Sunday, July 20, 2008
FCC Reaches Bandwidth Consensus
After two years of heated public debate and painstaking deliberation, the Federal Communications Commission on July 8 approved the major components of the Consensus Plan to resolve the problem of interference to public safety radio systems operating in the 800MHz band.
The plan was the solution endorsed by the International Association of Fire Chiefs, the International Association of Chiefs of Police, the National Sheriff's Association, the Association of Public-Safety Communications Officials International and other major public safety organizations.
“For more than five years, public safety professionals have been struggling with unreliable and unclear communications, which has jeopardized lives and the citizens they protect. We applaud the FCC for its leadership and decision in support of the public safety community. We are grateful to FCC Chairman [Michael] Powell and the commissioners for their careful consideration in this important proceeding,” said Chief Ernest Mitchell, IAFC president.
The IAFC supported the FCC's decision because it will address the root cause of the interference problem by separating generally incompatible technologies. The FCC decision places responsibility for paying the cost of relocating 800MHz incumbents on Nextel Communications Inc.

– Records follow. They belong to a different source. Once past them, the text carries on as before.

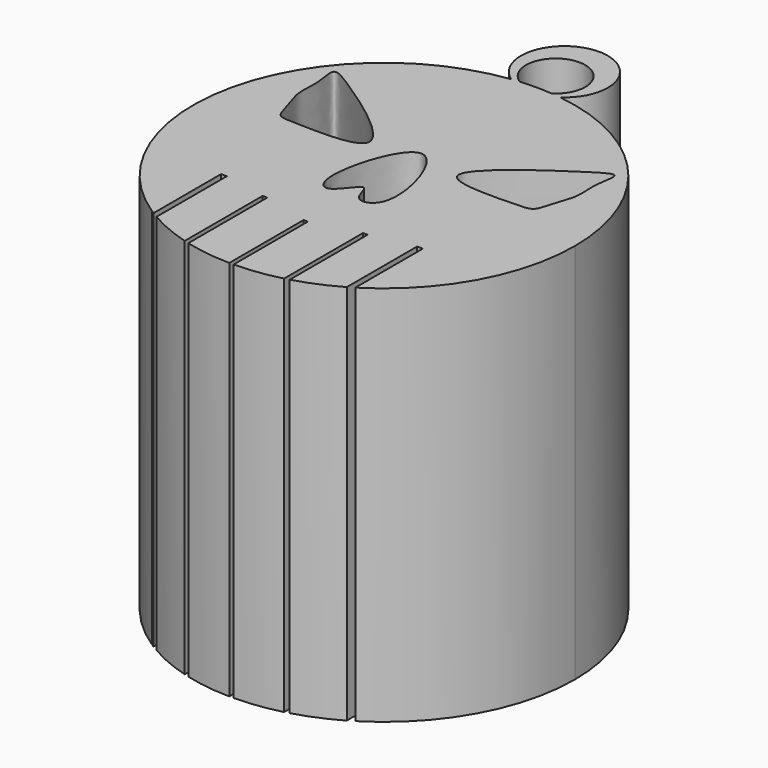
from build123d import *

# Parameters (mm, degrees)
F1_DEPTH = 25.4


with BuildPart() as f1:
    # F0 (on Top) → F1 (new body)
    with BuildSketch(Plane.XY):
        with BuildLine():
            ThreePointArc((6.7156300194, -0.961144645), (11.103569274, 3.653541643), (12.7, 9.8180164282))
            ThreePointArc((12.7, 9.8180164282), (9.5449480524, 18.1956035913), (1.6474068226, 22.4107147395))
            ThreePointArc((1.6474068226, 22.4107147395), (1.3388234894, 22.4472504376), (1.0294386506, 22.4762254667))
            ThreePointArc((1.0294386506, 22.4762254667), (-0.028773145, 22.5179838339), (-1.086784862, 22.4714309343))
            ThreePointArc((-1.086784862, 22.4714309343), (-1.3485915697, 22.4462111043), (-1.6098198538, 22.4155749233))
            ThreePointArc((-1.6098198538, 22.4155749233), (-12.3800103209, 12.6509203191), (-6.9281209855, -0.8258146307))
            Line((-6.9281209855, -0.8258146307), (-6.8822319383, -0.8258146307))
            Line((-6.8822319383, -0.8258146307), (-6.8822319383, -0.855543594))
            ThreePointArc((-6.8822319383, -0.855543594), (-6.7991360003, -0.9086675725), (-6.7156300194, -0.961144645))
            Line((-6.7156300194, -0.961144645), (-6.7156300194, 4.6587398687))
            Line((-6.7156300194, 4.6587398687), (-6.3310727347, 4.6587398687))
            Line((-6.3310727347, 4.6587398687), (-6.3310727347, -1.1914121687))
            ThreePointArc((-6.3310727347, -1.1914121687), (-4.9495356332, -1.8777989353), (-3.4949700482, -2.3916184706))
            Line((-3.4949700482, -2.3916184706), (-3.4949700482, 4.0883066069))
            Line((-3.4949700482, 4.0883066069), (-3.1876309074, 4.0883066069))
            Line((-3.1876309074, 4.0883066069), (-3.1876309074, -2.4754374884))
            ThreePointArc((-3.1876309074, -2.4754374884), (-1.6746684307, -2.7710854321), (-0.13703122, -2.8812442765))
            Line((-0.13703122, -2.8812442765), (-0.13703122, 3.3066231491))
            Line((-0.13703122, 3.3066231491), (0.1494322853, 3.3066231491))
            Line((0.1494322853, 3.3066231491), (0.1494322853, -2.8811044072))
            ThreePointArc((0.1494322853, -2.8811044072), (1.6808150107, -2.7702662546), (3.1876309074, -2.4754374884))
            Line((3.1876309074, -2.4754374884), (3.1876309074, 4.0883066069))
            Line((3.1876309074, 4.0883066069), (3.4949700482, 4.0883066069))
            Line((3.4949700482, 4.0883066069), (3.4949700482, -2.3916184706))
            ThreePointArc((3.4949700482, -2.3916184706), (4.9495356332, -1.8777989353), (6.3310727347, -1.1914121687))
            Line((6.3310727347, -1.1914121687), (6.3310727347, 4.6587398687))
            Line((6.3310727347, 4.6587398687), (6.7156300194, 4.6587398687))
            Line((6.7156300194, 4.6587398687), (6.7156300194, -0.961144645))
        make_face()
        with BuildLine():
            add(Edge.make_bspline(
                [(0, 12.9685981976), (-1.1262707569, 13.0608157796), (-2.748365158, 7.936569366), (-1.2735758817, 6.2577367621), (0.1843082925, 8.9908750032), (0.2962277728, 6.5228781858), (2.9280933099, 7.2517179831), (1.1483668305, 12.8745714179), (0, 12.9685981976)],
                knots=[0, 0, 0, 0, 0.2461617493, 0.3674777738, 0.5071240723, 0.6245056694, 0.7490088542, 1, 1, 1, 1], degree=3))
        make_face(mode=Mode.SUBTRACT)
        with BuildLine():
            add(Edge.make_bspline(
                [(-8.0023061995, 16.7331782252), (-6.2510557676, 15.6142079944), (0.0505703268, 11.3072332803), (-7.1931373209, 11.5741872719), (-8.536675253, 11.5601551472), (-8.7321601562, 12.6489403605), (-9.4405060529, 14.3126079871), (-9.1067828933, 15.7231243812), (-9.6696121761, 17.7306750622), (-8.8186828026, 17.2548061427), (-8.0023061995, 16.7331782252)],
                knots=[0, 0, 0, 0, 0.2214766404, 0.3948821826, 0.4949979166, 0.5749687847, 0.6880101274, 0.7951541475, 0.8967547165, 1, 1, 1, 1], degree=3))
        make_face(mode=Mode.SUBTRACT)
        with BuildLine():
            add(Edge.make_bspline(
                [(8.0023061995, 16.7331782252), (6.2510557676, 15.6142079944), (-0.0505703268, 11.3072332803), (7.1931373209, 11.5741872719), (8.536675253, 11.5601551472), (8.7321601562, 12.6489403605), (9.4405060529, 14.3126079871), (9.1067828933, 15.7231243812), (9.6696121761, 17.7306750622), (8.8186828026, 17.2548061427), (8.0023061995, 16.7331782252)],
                knots=[0, 0, 0, 0, 0.2214766404, 0.3948821826, 0.4949979166, 0.5749687847, 0.6880101274, 0.7951541475, 0.8967547165, 1, 1, 1, 1], degree=3))
        make_face(mode=Mode.SUBTRACT)
        with BuildLine():
            ThreePointArc((1.0294386506, 22.4762254667), (1.3388234894, 22.4472504376), (1.6474068226, 22.4107147395))
            ThreePointArc((1.6474068226, 22.4107147395), (0.0266660272, 27.6892120738), (-1.6098198538, 22.4155749233))
            ThreePointArc((-1.6098198538, 22.4155749233), (-1.3485915697, 22.4462111043), (-1.086784862, 22.4714309343))
            ThreePointArc((-1.086784862, 22.4714309343), (-0.0369259735, 26.1165009701), (1.0294386506, 22.4762254667))
        make_face()
    extrude(amount=F1_DEPTH)


solid = f1.part
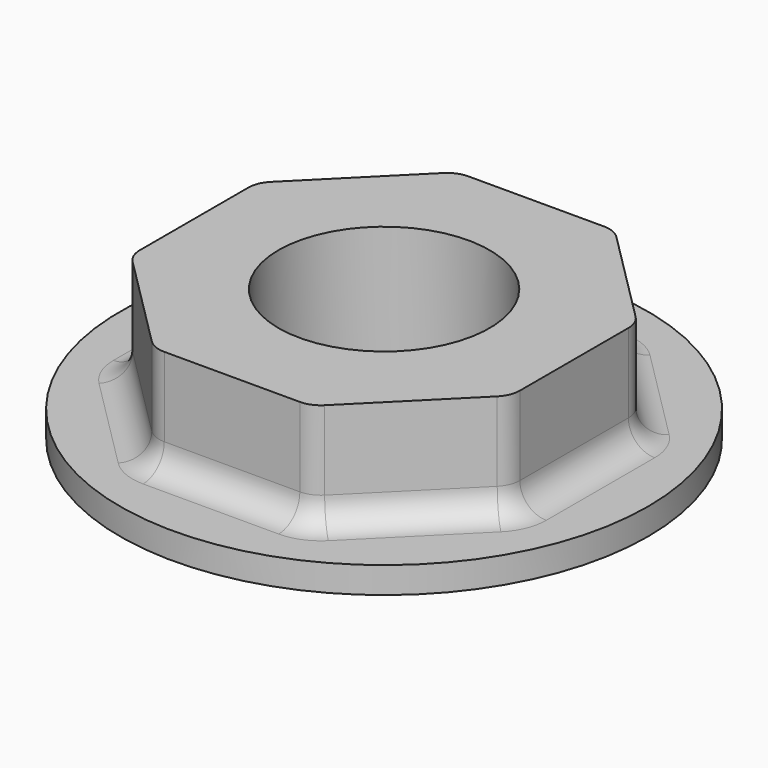
from build123d import *

# Parameters (mm, degrees)
F0_R     = 7.9375
F1_DEPTH = 0.79375
F3_DEPTH = 3.175
F4_R     = 0.79375
F6_D     = 6.35
F6_DEPTH = 19.05
F6_TIP   = 1.9077324654


with BuildPart() as f1:
    # F0 (on Top) → F1 (new body)
    with BuildSketch(Plane.XY):
        Circle(F0_R)
    extrude(amount=F1_DEPTH)

    # F2 (on face) → F3 (join)
    with BuildSketch(Plane.XY.offset(0.79375)):
        Polygon((-5.715, 2.367230509), (-5.715, -2.367230509), (-2.367230509, -5.715), (2.367230509, -5.715), (5.715, -2.367230509), (5.715, 2.367230509), (2.367230509, 5.715), (-2.367230509, 5.715), align=None)
    extrude(amount=F3_DEPTH)

    # F4
    f4_edges = [f1.edges().sort_by_distance(p)[0] for p in [
        (-5.715, -2.367231, 2.38125),
        (-2.367231, -5.715, 2.38125),
        (2.367231, -5.715, 2.38125),
        (5.715, -2.367231, 2.38125),
        (5.715, 2.367231, 2.38125),
        (2.367231, 5.715, 2.38125),
        (-2.367231, 5.715, 2.38125),
        (-5.715, 2.367231, 2.38125),
        (-4.041115, 4.041115, 0.79375),
        (0, 5.715, 0.79375),
        (-5.715, 0, 0.79375),
        (-4.041115, -4.041115, 0.79375),
        (0, -5.715, 0.79375),
        (4.041115, -4.041115, 0.79375),
        (5.715, 0, 0.79375),
        (4.041115, 4.041115, 0.79375),
    ]]
    fillet(f4_edges, radius=F4_R)

    # F6
    with Locations(Plane.XY.offset(3.96875)):
        with Locations((0, 0)):
            Hole(F6_D / 2, depth=F6_DEPTH)
            with Locations((0, 0, -(F6_DEPTH + F6_TIP / 2))):  # 118° drill point
                Cone(0, F6_D / 2, F6_TIP, mode=Mode.SUBTRACT)


solid = f1.part
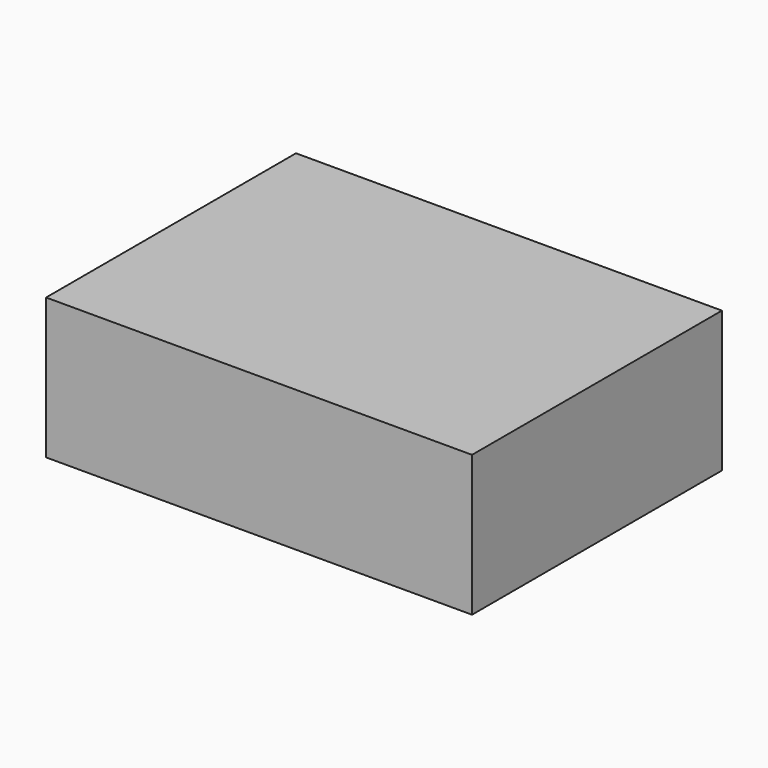
from build123d import *

# Parameters (mm, degrees)
F0_W     = 75.6465587765
F0_H     = 55.4741378874
F1_DEPTH = 25


# Not quite as in the source:
# - a feature names something its author has since deleted; it is built from what else it names


with BuildPart() as f1:
    # F0 (on Top) → F1 (new body)
    with BuildSketch(Plane.XY):
        with Locations((18.7176754698, 8.6314650252)):
            Rectangle(F0_W, F0_H)
    extrude(amount=F1_DEPTH)


solid = f1.part

The FCC commissioners unanimously voted to adopt the plan, which gives Nextel 1.9GHz of spectrum, worth an estimated $4.8 billion. In exchange, the Reston, Va.-based company will give up other spectrum and pay to reconfigure the airwaves it currently occupies to ensure public service communications systems are free of interference.
The reorganization would have to be completed within three years.
As expected, other wireless carriers denounced the decision, saying that it amounted to a “taxpayer giveaway” to Nextel. As this report went to press, Nextel's response was noncommittal. “We have an obligation to review all aspects of the decision to fully understand the implications to Nextel's shareholders,” the company said in an Associated Press report.
Nextel will make an anti-windfall payment to the U.S. Treasury Department the conclusion of the relocation process equal to the difference between the credits and the cost of relocating current users. To oversee the administrative and financial aspects of the band reconfiguration and to ensure that rebanding is achieved with minimal disruption to licensees, particularly public safety entities, the FCC created an independent transition administrator.
According to the FCC, the plan will result in an additional 4.5MHz of 800MHz-band spectrum, the equivalent of 90 additional two-way channels, becoming available to public safety, critical infrastructure and private wireless users, including 10 channels for public safety/critical infrastructure interoperability.
APCO International called the FCC's decision a “first step in the solution” for the interference in public safety communications and pledged to support the plan's implementation. APCO said it will focus on helping its members understand the FCC's plan.
But support for the FCC's decision from the public safety side was not universal. Calling the FCC's decision an endorsement of “the Nextel spectrum grab,” a group called the First Response Coalition called on Congress and the courts to overrule the FCC's decision. The coalition includes William Fox, commissioner of the Metropolitan Fire Association of New York City; the National Black Police Association; the Gray Panthers; the American Legislative Exchange Council; the National Black Chamber of Commerce; American Corn Growers Association; and California Seniors Coalition.
Gene Stilp, a volunteer firefighter, EMT and vice president of the Dauphin-Middle Paxton Fire Company #1 in Dauphin, Pa., is the group's coordinator. “This is a sad day for firefighters, police officers and other emergency personnel across America,” he said.
“Since 9/11 this administration has failed to provide funding to solve interoperability problems. Today's decision by the commission continues to ignore this critical need. They had a major opportunity here, but they ignored the needs of first responders in order to solve a political problem and to bail out Nextel.”
At presstime, it remained to be seen whether Nextel would agree to implement the plan or whether other telecommunications companies might delay implementation in the courts.